_Goal of the exercise_. When you reach the line containing "#96=EDGE_LOOP('',(#73,#81,#89,#95));" in the entries below, start writing out each line exactly, and stop after the line containing "#159=VERTEX_POINT('',#158);".

_Exercise materials_.
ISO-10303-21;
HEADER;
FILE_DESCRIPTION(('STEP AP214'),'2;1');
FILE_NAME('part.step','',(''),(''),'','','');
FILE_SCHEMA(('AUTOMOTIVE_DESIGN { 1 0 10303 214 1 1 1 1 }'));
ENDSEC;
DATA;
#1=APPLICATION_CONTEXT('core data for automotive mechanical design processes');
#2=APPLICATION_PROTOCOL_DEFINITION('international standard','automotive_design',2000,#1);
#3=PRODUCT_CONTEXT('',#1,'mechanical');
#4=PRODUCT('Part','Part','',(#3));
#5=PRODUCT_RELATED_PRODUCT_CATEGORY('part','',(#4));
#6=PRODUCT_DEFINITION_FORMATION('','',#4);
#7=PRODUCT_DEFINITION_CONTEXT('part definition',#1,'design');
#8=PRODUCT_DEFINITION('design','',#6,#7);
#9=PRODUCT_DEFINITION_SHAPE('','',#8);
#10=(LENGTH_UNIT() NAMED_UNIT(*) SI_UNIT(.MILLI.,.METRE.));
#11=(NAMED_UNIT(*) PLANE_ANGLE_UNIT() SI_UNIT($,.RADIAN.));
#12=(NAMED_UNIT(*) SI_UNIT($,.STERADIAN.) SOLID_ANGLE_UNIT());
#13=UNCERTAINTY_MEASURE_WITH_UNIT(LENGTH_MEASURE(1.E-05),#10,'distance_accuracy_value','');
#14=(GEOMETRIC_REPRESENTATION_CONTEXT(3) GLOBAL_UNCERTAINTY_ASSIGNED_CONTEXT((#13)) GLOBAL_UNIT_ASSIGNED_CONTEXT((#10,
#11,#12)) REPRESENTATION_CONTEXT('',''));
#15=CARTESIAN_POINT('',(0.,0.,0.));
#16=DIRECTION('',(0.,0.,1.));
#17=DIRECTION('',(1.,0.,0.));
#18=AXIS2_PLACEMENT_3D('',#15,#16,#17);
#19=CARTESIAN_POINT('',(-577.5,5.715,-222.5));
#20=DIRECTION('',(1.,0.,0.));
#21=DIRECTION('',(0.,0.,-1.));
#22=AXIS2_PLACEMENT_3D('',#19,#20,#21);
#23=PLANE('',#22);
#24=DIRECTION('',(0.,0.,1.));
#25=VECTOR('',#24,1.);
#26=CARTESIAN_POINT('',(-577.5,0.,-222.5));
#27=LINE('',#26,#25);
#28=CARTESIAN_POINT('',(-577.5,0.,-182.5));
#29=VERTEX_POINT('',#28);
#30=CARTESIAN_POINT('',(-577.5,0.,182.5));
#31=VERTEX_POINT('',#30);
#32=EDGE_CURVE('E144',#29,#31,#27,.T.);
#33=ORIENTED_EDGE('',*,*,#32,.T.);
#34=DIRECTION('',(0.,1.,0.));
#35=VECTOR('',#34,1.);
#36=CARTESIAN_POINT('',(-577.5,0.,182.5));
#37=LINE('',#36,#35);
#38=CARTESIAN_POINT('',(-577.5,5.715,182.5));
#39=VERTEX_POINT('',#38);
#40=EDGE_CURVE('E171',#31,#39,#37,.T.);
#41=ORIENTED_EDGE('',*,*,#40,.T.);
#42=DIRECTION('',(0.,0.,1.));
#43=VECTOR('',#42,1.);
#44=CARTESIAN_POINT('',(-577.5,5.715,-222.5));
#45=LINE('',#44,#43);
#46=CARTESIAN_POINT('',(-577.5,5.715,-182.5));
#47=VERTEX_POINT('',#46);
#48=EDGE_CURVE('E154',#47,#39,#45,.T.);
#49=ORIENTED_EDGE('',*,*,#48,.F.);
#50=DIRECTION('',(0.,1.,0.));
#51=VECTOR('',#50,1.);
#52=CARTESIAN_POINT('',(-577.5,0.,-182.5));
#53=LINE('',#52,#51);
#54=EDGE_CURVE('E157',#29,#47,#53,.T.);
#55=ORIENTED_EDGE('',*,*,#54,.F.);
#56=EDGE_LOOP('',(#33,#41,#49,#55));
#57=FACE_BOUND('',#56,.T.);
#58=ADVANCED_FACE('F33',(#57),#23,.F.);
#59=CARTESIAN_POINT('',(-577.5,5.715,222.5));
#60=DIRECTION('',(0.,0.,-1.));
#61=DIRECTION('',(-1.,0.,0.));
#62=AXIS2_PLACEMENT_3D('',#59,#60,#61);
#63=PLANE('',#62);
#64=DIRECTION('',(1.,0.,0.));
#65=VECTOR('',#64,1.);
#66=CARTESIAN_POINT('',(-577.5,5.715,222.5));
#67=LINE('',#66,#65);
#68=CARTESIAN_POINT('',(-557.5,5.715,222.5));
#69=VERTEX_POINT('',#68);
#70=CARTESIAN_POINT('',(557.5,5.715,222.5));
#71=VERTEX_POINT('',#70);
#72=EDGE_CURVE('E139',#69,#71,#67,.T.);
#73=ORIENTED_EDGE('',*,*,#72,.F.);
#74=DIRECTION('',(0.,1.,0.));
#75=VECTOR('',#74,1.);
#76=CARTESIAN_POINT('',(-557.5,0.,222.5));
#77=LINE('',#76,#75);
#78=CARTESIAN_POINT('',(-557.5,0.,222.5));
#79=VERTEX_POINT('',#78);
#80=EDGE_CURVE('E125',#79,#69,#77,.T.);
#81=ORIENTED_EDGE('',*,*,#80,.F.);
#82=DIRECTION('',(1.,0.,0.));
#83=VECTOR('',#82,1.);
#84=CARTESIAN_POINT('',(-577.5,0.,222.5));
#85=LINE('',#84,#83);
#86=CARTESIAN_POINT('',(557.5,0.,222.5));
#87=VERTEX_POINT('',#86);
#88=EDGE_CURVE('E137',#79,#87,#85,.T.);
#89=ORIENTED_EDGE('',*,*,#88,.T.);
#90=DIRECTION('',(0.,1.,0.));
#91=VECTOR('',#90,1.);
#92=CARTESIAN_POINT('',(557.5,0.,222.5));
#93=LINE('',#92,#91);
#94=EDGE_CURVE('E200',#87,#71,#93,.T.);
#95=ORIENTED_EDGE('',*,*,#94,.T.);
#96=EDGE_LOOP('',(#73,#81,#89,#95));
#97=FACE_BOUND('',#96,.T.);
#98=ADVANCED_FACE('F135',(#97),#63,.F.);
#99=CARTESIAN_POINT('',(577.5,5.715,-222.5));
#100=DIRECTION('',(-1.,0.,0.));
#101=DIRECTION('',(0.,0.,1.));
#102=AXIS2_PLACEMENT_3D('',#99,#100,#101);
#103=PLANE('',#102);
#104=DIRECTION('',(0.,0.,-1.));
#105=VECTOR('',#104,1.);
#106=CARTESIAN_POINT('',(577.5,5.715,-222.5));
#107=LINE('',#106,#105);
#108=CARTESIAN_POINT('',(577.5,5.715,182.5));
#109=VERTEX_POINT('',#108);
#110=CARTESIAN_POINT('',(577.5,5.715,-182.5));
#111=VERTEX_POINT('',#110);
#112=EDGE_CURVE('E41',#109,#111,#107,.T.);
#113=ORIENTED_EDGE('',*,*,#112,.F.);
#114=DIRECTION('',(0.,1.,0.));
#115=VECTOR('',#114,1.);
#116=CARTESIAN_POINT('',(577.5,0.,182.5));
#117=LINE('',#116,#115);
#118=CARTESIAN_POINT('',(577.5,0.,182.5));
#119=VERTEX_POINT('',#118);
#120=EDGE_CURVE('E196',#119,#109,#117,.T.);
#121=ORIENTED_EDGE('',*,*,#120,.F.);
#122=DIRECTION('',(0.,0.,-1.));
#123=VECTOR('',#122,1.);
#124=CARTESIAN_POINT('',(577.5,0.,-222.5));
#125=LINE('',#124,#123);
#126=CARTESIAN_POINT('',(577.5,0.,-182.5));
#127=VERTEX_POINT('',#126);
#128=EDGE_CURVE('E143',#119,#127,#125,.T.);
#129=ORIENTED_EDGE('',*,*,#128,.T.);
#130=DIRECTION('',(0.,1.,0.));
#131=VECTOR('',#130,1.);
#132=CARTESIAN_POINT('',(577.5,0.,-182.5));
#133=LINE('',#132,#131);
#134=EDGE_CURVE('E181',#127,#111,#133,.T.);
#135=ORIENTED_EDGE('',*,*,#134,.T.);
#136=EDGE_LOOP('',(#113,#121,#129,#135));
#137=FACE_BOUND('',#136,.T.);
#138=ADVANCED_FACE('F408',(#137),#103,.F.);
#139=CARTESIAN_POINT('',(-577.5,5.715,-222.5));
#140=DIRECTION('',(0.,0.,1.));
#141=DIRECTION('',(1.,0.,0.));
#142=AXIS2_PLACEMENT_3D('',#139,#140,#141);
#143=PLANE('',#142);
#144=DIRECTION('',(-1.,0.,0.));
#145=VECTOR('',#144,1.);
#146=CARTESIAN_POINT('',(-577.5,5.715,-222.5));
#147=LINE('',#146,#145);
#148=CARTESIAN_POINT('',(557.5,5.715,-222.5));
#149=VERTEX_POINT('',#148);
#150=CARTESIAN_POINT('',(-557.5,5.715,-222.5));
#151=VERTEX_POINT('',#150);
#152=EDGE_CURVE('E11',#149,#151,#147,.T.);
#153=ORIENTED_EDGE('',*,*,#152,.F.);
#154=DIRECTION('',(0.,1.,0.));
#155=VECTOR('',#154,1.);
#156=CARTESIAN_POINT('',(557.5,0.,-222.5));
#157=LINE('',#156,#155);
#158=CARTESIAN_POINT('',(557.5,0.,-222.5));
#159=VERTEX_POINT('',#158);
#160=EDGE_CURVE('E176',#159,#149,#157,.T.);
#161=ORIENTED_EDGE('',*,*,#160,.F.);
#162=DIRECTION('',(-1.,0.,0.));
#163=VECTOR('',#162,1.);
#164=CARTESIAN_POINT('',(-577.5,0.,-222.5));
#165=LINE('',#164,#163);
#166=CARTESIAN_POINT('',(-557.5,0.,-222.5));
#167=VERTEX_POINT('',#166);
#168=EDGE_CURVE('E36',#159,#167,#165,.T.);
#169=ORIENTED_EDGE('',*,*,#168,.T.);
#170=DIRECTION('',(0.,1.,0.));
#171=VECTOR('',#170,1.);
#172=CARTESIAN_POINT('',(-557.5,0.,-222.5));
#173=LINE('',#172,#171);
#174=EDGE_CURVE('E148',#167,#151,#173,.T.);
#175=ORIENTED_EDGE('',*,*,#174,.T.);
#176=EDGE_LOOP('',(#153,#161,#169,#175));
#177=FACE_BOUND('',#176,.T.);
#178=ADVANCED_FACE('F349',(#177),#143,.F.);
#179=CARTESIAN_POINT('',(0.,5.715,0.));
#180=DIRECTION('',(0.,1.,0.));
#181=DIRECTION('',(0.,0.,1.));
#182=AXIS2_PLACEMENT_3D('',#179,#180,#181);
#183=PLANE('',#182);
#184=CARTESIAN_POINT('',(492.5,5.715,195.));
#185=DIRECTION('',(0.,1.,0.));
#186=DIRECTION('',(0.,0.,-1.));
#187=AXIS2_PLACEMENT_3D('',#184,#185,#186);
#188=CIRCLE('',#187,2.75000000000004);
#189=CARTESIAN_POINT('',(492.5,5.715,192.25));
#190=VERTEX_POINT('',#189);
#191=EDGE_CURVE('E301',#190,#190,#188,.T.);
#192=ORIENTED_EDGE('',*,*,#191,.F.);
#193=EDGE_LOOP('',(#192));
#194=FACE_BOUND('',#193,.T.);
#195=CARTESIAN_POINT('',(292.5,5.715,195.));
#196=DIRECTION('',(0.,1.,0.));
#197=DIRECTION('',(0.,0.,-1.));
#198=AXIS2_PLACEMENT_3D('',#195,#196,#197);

_Task solution_.
#96=EDGE_LOOP('',(#73,#81,#89,#95));
#97=FACE_BOUND('',#96,.T.);
#98=ADVANCED_FACE('F135',(#97),#63,.F.);
#99=CARTESIAN_POINT('',(577.5,5.715,-222.5));
#100=DIRECTION('',(-1.,0.,0.));
#101=DIRECTION('',(0.,0.,1.));
#102=AXIS2_PLACEMENT_3D('',#99,#100,#101);
#103=PLANE('',#102);
#104=DIRECTION('',(0.,0.,-1.));
#105=VECTOR('',#104,1.);
#106=CARTESIAN_POINT('',(577.5,5.715,-222.5));
#107=LINE('',#106,#105);
#108=CARTESIAN_POINT('',(577.5,5.715,182.5));
#109=VERTEX_POINT('',#108);
#110=CARTESIAN_POINT('',(577.5,5.715,-182.5));
#111=VERTEX_POINT('',#110);
#112=EDGE_CURVE('E41',#109,#111,#107,.T.);
#113=ORIENTED_EDGE('',*,*,#112,.F.);
#114=DIRECTION('',(0.,1.,0.));
#115=VECTOR('',#114,1.);
#116=CARTESIAN_POINT('',(577.5,0.,182.5));
#117=LINE('',#116,#115);
#118=CARTESIAN_POINT('',(577.5,0.,182.5));
#119=VERTEX_POINT('',#118);
#120=EDGE_CURVE('E196',#119,#109,#117,.T.);
#121=ORIENTED_EDGE('',*,*,#120,.F.);
#122=DIRECTION('',(0.,0.,-1.));
#123=VECTOR('',#122,1.);
#124=CARTESIAN_POINT('',(577.5,0.,-222.5));
#125=LINE('',#124,#123);
#126=CARTESIAN_POINT('',(577.5,0.,-182.5));
#127=VERTEX_POINT('',#126);
#128=EDGE_CURVE('E143',#119,#127,#125,.T.);
#129=ORIENTED_EDGE('',*,*,#128,.T.);
#130=DIRECTION('',(0.,1.,0.));
#131=VECTOR('',#130,1.);
#132=CARTESIAN_POINT('',(577.5,0.,-182.5));
#133=LINE('',#132,#131);
#134=EDGE_CURVE('E181',#127,#111,#133,.T.);
#135=ORIENTED_EDGE('',*,*,#134,.T.);
#136=EDGE_LOOP('',(#113,#121,#129,#135));
#137=FACE_BOUND('',#136,.T.);
#138=ADVANCED_FACE('F408',(#137),#103,.F.);
#139=CARTESIAN_POINT('',(-577.5,5.715,-222.5));
#140=DIRECTION('',(0.,0.,1.));
#141=DIRECTION('',(1.,0.,0.));
#142=AXIS2_PLACEMENT_3D('',#139,#140,#141);
#143=PLANE('',#142);
#144=DIRECTION('',(-1.,0.,0.));
#145=VECTOR('',#144,1.);
#146=CARTESIAN_POINT('',(-577.5,5.715,-222.5));
#147=LINE('',#146,#145);
#148=CARTESIAN_POINT('',(557.5,5.715,-222.5));
#149=VERTEX_POINT('',#148);
#150=CARTESIAN_POINT('',(-557.5,5.715,-222.5));
#151=VERTEX_POINT('',#150);
#152=EDGE_CURVE('E11',#149,#151,#147,.T.);
#153=ORIENTED_EDGE('',*,*,#152,.F.);
#154=DIRECTION('',(0.,1.,0.));
#155=VECTOR('',#154,1.);
#156=CARTESIAN_POINT('',(557.5,0.,-222.5));
#157=LINE('',#156,#155);
#158=CARTESIAN_POINT('',(557.5,0.,-222.5));
#159=VERTEX_POINT('',#158);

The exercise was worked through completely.